Problem to solve | Report each line of the records where "units" occurs.

Start of Block

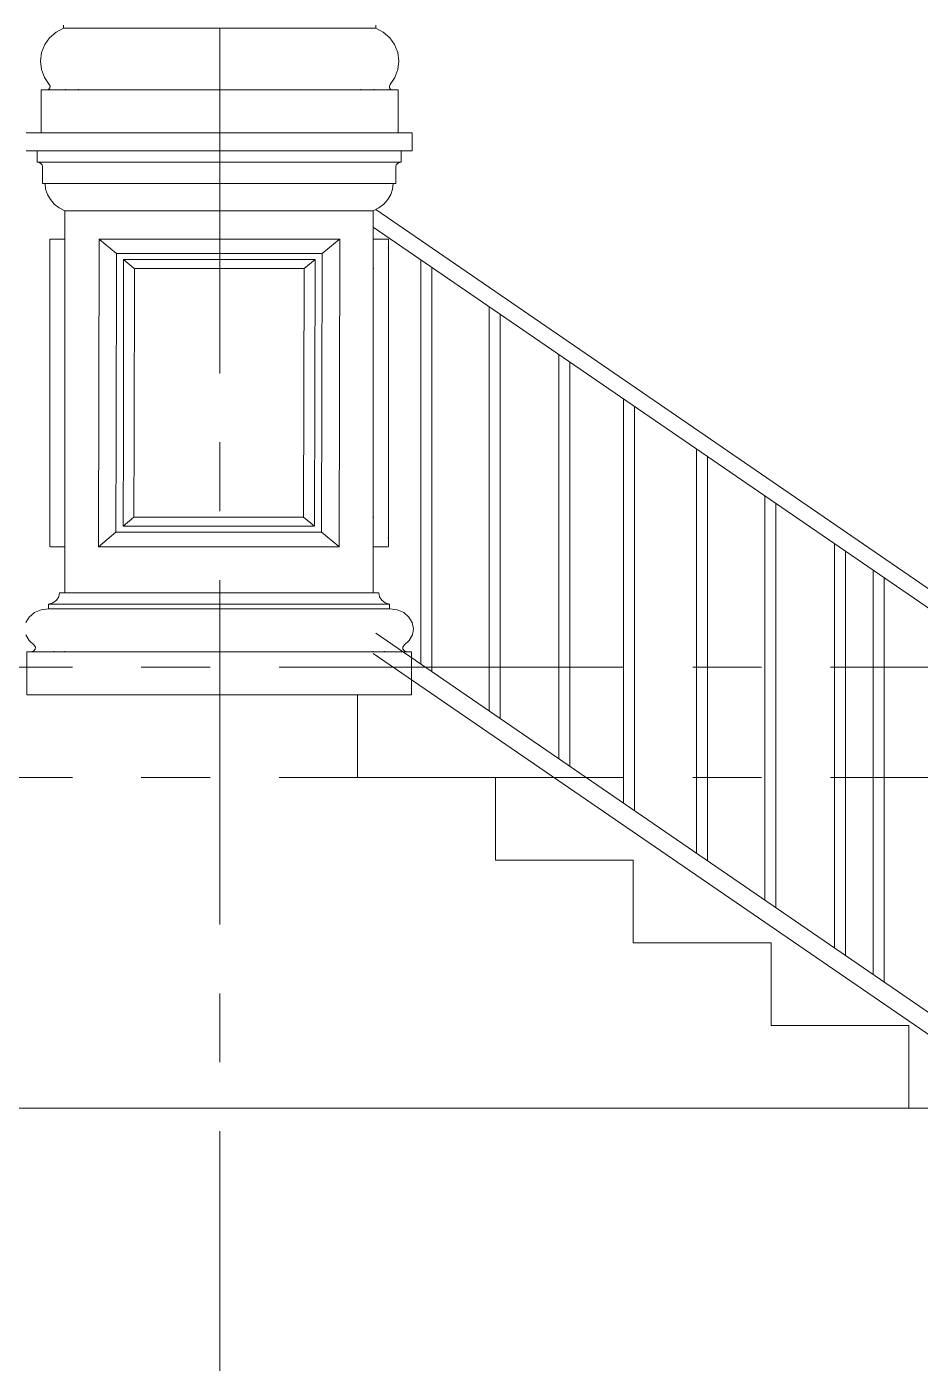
# Model space of a CAD drawing. Header units: millimetres. Extents: x 1832547 to 2001569, y -558009 to -417808.
# Drawn here: x 1985072 to 1986692, y -528606 to -526181 of the extents above; entities that cross this region are included whole.
import ezdxf

# ---------------------------------------------------------------- set-up
doc = ezdxf.new("R2010")
doc.units = ezdxf.units.MM
doc.header["$MEASUREMENT"] = 0
doc.linetypes.add('CENTER', pattern=[2, 1.25, -0.25, 0.25, -0.25])
for name, color, linetype, lineweight in [('CA.manh 08', 8, 'CONTINUOUS', 9), ('CA.thay 145', 145, 'CONTINUOUS', 18), ('CA.tim 67', 67, 'CENTER', 9), ('CA_manh 08', 8, 'CONTINUOUS', 9)]:
    doc.layers.add(name, color=color, linetype=linetype, lineweight=lineweight)

# ---------------------------------------------------------------- blocks, each defined once
blk = doc.blocks.new('\xad5t54')
at = {"layer": 'CA.thay 145'}
for p, q in [((1923088.6, -525152.3), (1923088.6, -525157.7)), ((1923654.8, -525152.3), (1923654.8, -525157.7)), ((1923063.3, -525175), (1923054.4, -525187.6)), ((1923074.9, -525164.8), (1923063.3, -525175)), ((1923088.6, -525157.7), (1923074.9, -525164.8)), ((1923088.6, -525157.7), (1923654.8, -525157.7)), ((1923654.8, -525157.7), (1923668.5, -525164.8)), ((1923668.5, -525164.8), (1923680.1, -525175)), ((1923680.1, -525175), (1923689, -525187.6)), ((1923048.8, -525202), (1923046.8, -525217.4)), ((1923054.4, -525187.6), (1923048.8, -525202)), ((1923689, -525187.6), (1923694.6, -525202)), ((1923694.6, -525202), (1923696.6, -525217.4)), ((1923046.8, -525217.4), (1923048.5, -525232.7)), ((1923696.6, -525217.4), (1923694.9, -525232.7)), ((1923048.5, -525232.7), (1923053.9, -525247.2)), ((1923053.9, -525247.2), (1923062.5, -525260)), ((1923689.5, -525247.2), (1923680.9, -525260)), ((1923694.9, -525232.7), (1923689.5, -525247.2)), ((1923047.8, -525269.3), (1923047.8, -525347.3)), ((1923058.7, -525269.3), (1923047.8, -525269.3)), ((1923061.7, -525268.4), (1923058.7, -525269.3)), ((1923092.2, -525269.3), (1923058.7, -525269.3)), ((1923063.7, -525265.9), (1923061.7, -525268.4)), ((1923062.5, -525260), (1923064, -525262.8)), ((1923064, -525262.8), (1923063.7, -525265.9)), ((1923092.2, -525269.3), (1923092.3, -525268.4)), ((1923115.9, -525269.3), (1923092.2, -525269.3)), ((1923115.9, -525269.3), (1923115.9, -525268.4)), ((1923115.9, -525269.3), (1923627.5, -525269.3)), ((1923627.5, -525269.3), (1923627.5, -525268.4)), ((1923651.3, -525269.3), (1923627.5, -525269.3)), ((1923651.3, -525269.3), (1923651.1, -525268.4)), ((1923684.7, -525269.3), (1923651.3, -525269.3)), ((1923680.9, -525260), (1923679.4, -525262.8)), ((1923679.4, -525262.8), (1923679.7, -525265.9)), ((1923679.7, -525265.9), (1923681.7, -525268.4)), ((1923681.7, -525268.4), (1923684.7, -525269.3)), ((1923695.6, -525269.3), (1923684.7, -525269.3)), ((1923695.6, -525269.3), (1923695.6, -525347.3)), ((1923022.7, -525380.2), (1923022.7, -525347.3)), ((1923047.8, -525347.3), (1923022.7, -525347.3)), ((1923695.6, -525347.3), (1923047.8, -525347.3)), ((1923722.8, -525347.3), (1923695.6, -525347.3)), ((1923022.7, -525380.2), (1923042.5, -525380.2)), ((1923042.5, -525400.8), (1923042.5, -525380.2)), ((1923042.5, -525380.2), (1923703, -525380.2)), ((1923703, -525380.2), (1923722.8, -525380.2)), ((1923703, -525400.8), (1923703, -525380.2)), ((1923046.2, -525401.4), (1923042.5, -525400.8)), ((1923042.5, -525400.8), (1923074.8, -525400.8)), ((1923049.4, -525403.2), (1923046.2, -525401.4)), ((1923051.6, -525405.8), (1923049.4, -525403.2)), ((1923052.3, -525409), (1923051.6, -525405.8)), ((1923052.3, -525439.8), (1923052.3, -525409)), ((1923622.6, -525400.8), (1923622.6, -525401.4)), ((1923622.6, -525400.8), (1923637.5, -525400.8)), ((1923637.5, -525400.8), (1923637.5, -525401.4)), ((1923637.5, -525400.8), (1923670.7, -525400.8)), ((1923670.7, -525400.8), (1923670.4, -525401.4)), ((1923670.7, -525400.8), (1923703, -525400.8)), ((1923693.1, -525409), (1923693.9, -525405.8)), ((1923693.1, -525439.8), (1923693.1, -525409)), ((1923693.9, -525405.8), (1923696, -525403.2)), ((1923696, -525403.2), (1923699.3, -525401.4)), ((1923699.3, -525401.4), (1923703, -525400.8)), ((1923052.3, -525439.8), (1923057.3, -525439.8)), ((1923058.2, -525449.9), (1923057.3, -525439.8)), ((1923687.3, -525449.9), (1923688.2, -525439.8)), ((1923688.2, -525439.8), (1923693.1, -525439.8)), ((1923061.4, -525459.7), (1923058.2, -525449.9)), ((1923066.7, -525468.8), (1923061.4, -525459.7)), ((1923073.9, -525476.9), (1923066.7, -525468.8)), ((1923671.6, -525476.9), (1923678.8, -525468.8)), ((1923678.8, -525468.8), (1923684.1, -525459.7)), ((1923684.1, -525459.7), (1923687.3, -525449.9)), ((1923082.9, -525483.8), (1923073.9, -525476.9)), ((1923093.2, -525489.2), (1923082.9, -525483.8)), ((1923093.1, -525541), (1923093.2, -525489.2)), ((1923093.2, -525489.2), (1923652.3, -525489.2)), ((1923652.3, -525489.2), (1923662.6, -525483.8)), ((1923652.4, -525541), (1923652.3, -525489.2)), ((1923662.6, -525483.8), (1923671.6, -525476.9)), ((1923065.7, -525541), (1923065.8, -525540.9)), ((1923065.7, -525541.1), (1923065.7, -525541)), ((1923065.7, -525541.2), (1923065.7, -525541.1)), ((1923065.7, -525541.3), (1923065.7, -525541.2)), ((1923065.7, -525555.9), (1923065.7, -525541.3)), ((1923065.8, -525540.9), (1923065.9, -525540.8)), ((1923065.9, -525540.8), (1923065.9, -525540.7)), ((1923065.9, -525540.7), (1923066, -525540.7)), ((1923066, -525540.7), (1923066.1, -525540.6)), ((1923066.1, -525540.6), (1923066.3, -525540.6)), ((1923066.3, -525540.6), (1923066.4, -525540.5)), ((1923066.4, -525540.5), (1923066.5, -525540.5)), ((1923066.5, -525540.5), (1923066.6, -525540.5)), ((1923066.6, -525540.5), (1923092.2, -525540.5)), ((1923092.2, -525540.5), (1923092.3, -525540.5)), ((1923092.3, -525540.5), (1923092.4, -525540.5)), ((1923092.4, -525540.5), (1923092.6, -525540.6)), ((1923092.6, -525540.6), (1923092.7, -525540.6)), ((1923092.7, -525540.6), (1923092.8, -525540.7)), ((1923092.8, -525540.7), (1923092.9, -525540.7)), ((1923092.9, -525540.7), (1923093, -525540.8)), ((1923093, -525540.8), (1923093, -525540.9)), ((1923093, -525540.9), (1923093.1, -525541)), ((1923093.1, -525541), (1923093.1, -525541.1)), ((1923093.1, -525541.1), (1923093.2, -525541.2)), ((1923093.2, -525541.2), (1923093.2, -525541.3)), ((1923093.2, -525541.3), (1923093.2, -525593.2)), ((1923590.5, -525540.5), (1923154, -525540.5)), ((1923154, -525540.5), (1923155.2, -526098.5)), ((1923154, -525540.5), (1923155, -525541.3)), ((1923155, -525541.3), (1923185.8, -525566.8)), ((1923558.9, -525566.8), (1923589.5, -525541.3)), ((1923589.5, -525541.3), (1923590.5, -525540.5)), ((1923591.7, -526098.5), (1923590.5, -525540.5)), ((1923652.4, -525541.1), (1923652.3, -525541.2)), ((1923652.3, -525541.2), (1923652.3, -525541.3)), ((1923652.3, -525593.2), (1923652.3, -525541.3)), ((1923652.5, -525540.9), (1923652.4, -525541)), ((1923652.4, -525541), (1923652.4, -525541.1)), ((1923652.6, -525540.7), (1923652.5, -525540.8)), ((1923652.5, -525540.8), (1923652.5, -525540.9)), ((1923652.7, -525540.7), (1923652.6, -525540.7)), ((1923652.8, -525540.6), (1923652.7, -525540.7)), ((1923652.9, -525540.6), (1923652.8, -525540.6)), ((1923653.1, -525540.5), (1923652.9, -525540.6)), ((1923653.2, -525540.5), (1923653.1, -525540.5)), ((1923653.3, -525540.5), (1923653.2, -525540.5)), ((1923678.9, -525540.5), (1923653.3, -525540.5)), ((1923679, -525540.5), (1923678.9, -525540.5)), ((1923679.1, -525540.5), (1923679, -525540.5)), ((1923679.2, -525540.6), (1923679.1, -525540.5)), ((1923679.4, -525540.6), (1923679.2, -525540.6)), ((1923679.5, -525540.7), (1923679.4, -525540.6)), ((1923679.6, -525540.7), (1923679.5, -525540.7)), ((1923679.6, -525540.8), (1923679.6, -525540.7)), ((1923679.7, -525540.9), (1923679.6, -525540.8)), ((1923679.8, -525541), (1923679.7, -525540.9)), ((1923679.8, -525541.1), (1923679.8, -525541)), ((1923679.8, -525541.2), (1923679.8, -525541.1)), ((1923679.8, -525541.3), (1923679.8, -525541.2)), ((1923679.8, -525541.3), (1923679.8, -526097.7)), ((1923065.7, -525556), (1923065.7, -525555.9)), ((1923065.7, -525556.1), (1923065.7, -525556)), ((1923065.7, -525556.1), (1923065.7, -525556.1)), ((1923065.7, -525556.2), (1923065.7, -525556.1)), ((1923065.8, -525556.3), (1923065.7, -525556.2)), ((1923065.7, -525556.2), (1923065.7, -526082.9)), ((1923065.8, -525556.4), (1923065.8, -525556.3)), ((1923065.9, -525556.4), (1923065.8, -525556.4)), ((1923066, -525556.5), (1923065.9, -525556.4)), ((1923066.1, -525556.6), (1923066, -525556.5)), ((1923066, -525556.5), (1923066, -525556.5)), ((1923066.2, -525556.6), (1923066.1, -525556.6)), ((1923066.3, -525556.6), (1923066.2, -525556.6)), ((1923558.9, -525566.8), (1923185.8, -525566.8)), ((1923185.8, -525566.8), (1923186.8, -526072.2)), ((1923559.4, -525898.2), (1923558.9, -525566.8)), ((1923678.9, -525556.8), (1923679.1, -525556.7)), ((1923092.3, -525594), (1923092.2, -525594)), ((1923092.4, -525594), (1923092.3, -525594)), ((1923092.6, -525594), (1923092.4, -525594)), ((1923092.7, -525593.9), (1923092.6, -525594)), ((1923092.8, -525593.9), (1923092.7, -525593.9)), ((1923092.9, -525593.8), (1923092.8, -525593.9)), ((1923093, -525593.7), (1923092.9, -525593.8)), ((1923093, -525593.6), (1923093, -525593.7)), ((1923093.2, -525593.3), (1923093.1, -525593.4)), ((1923093.1, -525593.4), (1923093.1, -525593.5)), ((1923093.1, -525593.5), (1923093.1, -526045.5)), ((1923093.2, -525593.2), (1923093.2, -525593.3)), ((1923652.3, -525593.2), (1923652.3, -525593.3)), ((1923652.3, -525593.3), (1923652.4, -525593.4)), ((1923652.4, -525593.4), (1923652.4, -525593.5)), ((1923652.4, -525593.5), (1923652.5, -525593.6)), ((1923652.4, -525593.5), (1923652.4, -526045.5)), ((1923652.5, -525593.6), (1923652.5, -525593.7)), ((1923652.5, -525593.7), (1923652.6, -525593.8)), ((1923652.6, -525593.8), (1923652.7, -525593.9)), ((1923652.7, -525593.9), (1923652.8, -525593.9)), ((1923652.8, -525593.9), (1923652.9, -525594)), ((1923652.9, -525594), (1923653.1, -525594)), ((1923653.1, -525594), (1923653.2, -525594)), ((1923559.9, -526072.2), (1923559.4, -525898.2)), ((1923092.3, -526045), (1923092.2, -526045)), ((1923092.4, -526045), (1923092.3, -526045)), ((1923092.6, -526045), (1923092.4, -526045)), ((1923092.7, -526045.1), (1923092.6, -526045)), ((1923092.8, -526045.1), (1923092.7, -526045.1)), ((1923092.9, -526045.2), (1923092.8, -526045.1)), ((1923093, -526045.3), (1923092.9, -526045.2)), ((1923093, -526045.4), (1923093, -526045.3)), ((1923093.1, -526045.6), (1923093.1, -526045.5)), ((1923093.2, -526045.7), (1923093.1, -526045.6)), ((1923093.2, -526045.8), (1923093.2, -526045.7)), ((1923093.2, -526045.8), (1923093.2, -526097.7)), ((1923652.3, -526045.7), (1923652.4, -526045.6)), ((1923652.3, -526045.8), (1923652.3, -526045.7)), ((1923652.3, -526097.7), (1923652.3, -526045.8)), ((1923652.4, -526045.5), (1923652.5, -526045.4)), ((1923652.4, -526045.6), (1923652.4, -526045.5)), ((1923652.5, -526045.3), (1923652.6, -526045.2)), ((1923652.5, -526045.4), (1923652.5, -526045.3)), ((1923652.6, -526045.2), (1923652.7, -526045.1)), ((1923652.7, -526045.1), (1923652.8, -526045.1)), ((1923652.8, -526045.1), (1923652.9, -526045)), ((1923652.9, -526045), (1923653.1, -526045)), ((1923653.1, -526045), (1923653.2, -526045)), ((1923156.2, -526097.7), (1923186.8, -526072.2)), ((1923186.8, -526072.2), (1923371.8, -526072.2)), ((1923372.8, -526072.2), (1923559.9, -526072.2)), ((1923591.7, -526098.5), (1923559.9, -526072.2)), ((1923065.7, -526082.9), (1923065.7, -526083)), ((1923065.7, -526083), (1923065.7, -526083)), ((1923065.7, -526083), (1923065.7, -526083.1)), ((1923065.7, -526097.7), (1923065.7, -526083.1)), ((1923065.7, -526097.7), (1923065.7, -526097.8)), ((1923065.7, -526097.8), (1923065.7, -526097.9)), ((1923065.7, -526097.9), (1923065.7, -526098)), ((1923065.7, -526098), (1923065.8, -526098.1)), ((1923065.8, -526098.1), (1923065.9, -526098.2)), ((1923065.9, -526098.2), (1923065.9, -526098.3)), ((1923065.9, -526098.3), (1923066, -526098.4)), ((1923066, -526098.4), (1923066.1, -526098.4)), ((1923066.1, -526098.4), (1923066.3, -526098.5)), ((1923066.3, -526082.4), (1923066.6, -526082.2)), ((1923066.3, -526098.5), (1923066.4, -526098.5)), ((1923066.4, -526098.5), (1923066.5, -526098.5)), ((1923066.5, -526098.5), (1923066.6, -526098.5)), ((1923066.6, -526098.5), (1923092.2, -526098.5)), ((1923092.2, -526098.5), (1923092.3, -526098.5)), ((1923092.3, -526098.5), (1923092.4, -526098.5)), ((1923092.4, -526098.5), (1923092.6, -526098.5)), ((1923092.6, -526098.5), (1923092.7, -526098.4)), ((1923092.7, -526098.4), (1923092.8, -526098.4)), ((1923092.8, -526098.4), (1923092.9, -526098.3)), ((1923092.9, -526098.3), (1923093, -526098.2)), ((1923093, -526098.1), (1923093.1, -526098)), ((1923093, -526098.2), (1923093, -526098.1)), ((1923093.1, -526097.9), (1923093.2, -526097.8)), ((1923093.1, -526098), (1923093.1, -526097.9)), ((1923093.2, -526182.2), (1923093.1, -526098)), ((1923093.2, -526097.8), (1923093.2, -526097.7)), ((1923155.2, -526098.5), (1923156.2, -526097.7)), ((1923155.2, -526098.5), (1923591.7, -526098.5)), ((1923591.7, -526098.5), (1923590.7, -526097.7)), ((1923652.3, -526097.8), (1923652.3, -526097.7)), ((1923652.4, -526097.9), (1923652.3, -526097.8)), ((1923652.3, -526182.2), (1923652.4, -526098)), ((1923652.4, -526098), (1923652.4, -526097.9)), ((1923652.5, -526098.1), (1923652.4, -526098)), ((1923652.5, -526098.2), (1923652.5, -526098.1)), ((1923652.6, -526098.3), (1923652.5, -526098.2)), ((1923652.7, -526098.4), (1923652.6, -526098.3)), ((1923652.8, -526098.4), (1923652.7, -526098.4)), ((1923652.9, -526098.5), (1923652.8, -526098.4)), ((1923653.1, -526098.5), (1923652.9, -526098.5)), ((1923653.2, -526098.5), (1923653.1, -526098.5)), ((1923653.3, -526098.5), (1923653.2, -526098.5)), ((1923678.9, -526098.5), (1923653.3, -526098.5)), ((1923678.9, -526082.2), (1923679.1, -526082.3)), ((1923679, -526098.5), (1923678.9, -526098.5)), ((1923679.1, -526098.5), (1923679, -526098.5)), ((1923679.2, -526098.5), (1923679.1, -526098.5)), ((1923679.4, -526098.4), (1923679.2, -526098.5)), ((1923679.5, -526098.4), (1923679.4, -526098.4)), ((1923679.6, -526098.3), (1923679.5, -526098.4)), ((1923679.7, -526098.1), (1923679.6, -526098.2)), ((1923679.6, -526098.2), (1923679.6, -526098.3)), ((1923679.8, -526098), (1923679.7, -526098.1)), ((1923679.8, -526097.7), (1923679.8, -526097.8)), ((1923679.8, -526097.8), (1923679.8, -526097.9)), ((1923679.8, -526097.9), (1923679.8, -526098)), ((1923077.7, -526195.4), (1923071.3, -526200.1)), ((1923081.8, -526189.2), (1923077.7, -526195.4)), ((1923083.3, -526182.2), (1923081.8, -526189.2)), ((1923093.2, -526182.2), (1923083.3, -526182.2)), ((1923093.2, -526182.2), (1923652.3, -526182.2)), ((1923662.2, -526182.2), (1923652.3, -526182.2)), ((1923662.2, -526182.2), (1923663.7, -526189.2)), ((1923663.7, -526189.2), (1923667.8, -526195.4)), ((1923667.8, -526195.4), (1923674.2, -526200.1)), ((1923038, -526218.1), (1923028.4, -526226.2)), ((1923050.1, -526212.9), (1923038, -526218.1)), ((1923063.5, -526211), (1923050.1, -526212.9)), ((1923071.3, -526200.1), (1923063.5, -526202.8)), ((1923063.5, -526202.8), (1923063.5, -526211)), ((1923063.5, -526202.8), (1923682, -526202.8)), ((1923063.5, -526211), (1923682, -526211)), ((1923674.2, -526200.1), (1923682, -526202.8)), ((1923682, -526202.8), (1923682, -526211)), ((1923682, -526211), (1923695.4, -526212.9)), ((1923695.4, -526212.9), (1923707.5, -526218.1)), ((1923707.5, -526218.1), (1923717.1, -526226.2)), ((1923022.3, -526236.2), (1923020.1, -526247.4)), ((1923020.1, -526247.4), (1923022, -526258.6)), ((1923028.4, -526226.2), (1923022.3, -526236.2)), ((1923717.1, -526226.2), (1923723.2, -526236.2)), ((1923022, -526258.6), (1923028, -526268.7)), ((1923028, -526268.7), (1923037.4, -526276.9)), ((1923717.5, -526268.7), (1923708.1, -526276.9)), ((1923723.5, -526258.6), (1923717.5, -526268.7)), ((1923023.9, -526289.1), (1923023.9, -526367.3)), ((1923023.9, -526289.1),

End of Block

Response box |
# Model space of a CAD drawing. Header units: millimetres. Extents: x 1832547 to 2001569, y -558009 to -417808.
doc.units = ezdxf.units.MM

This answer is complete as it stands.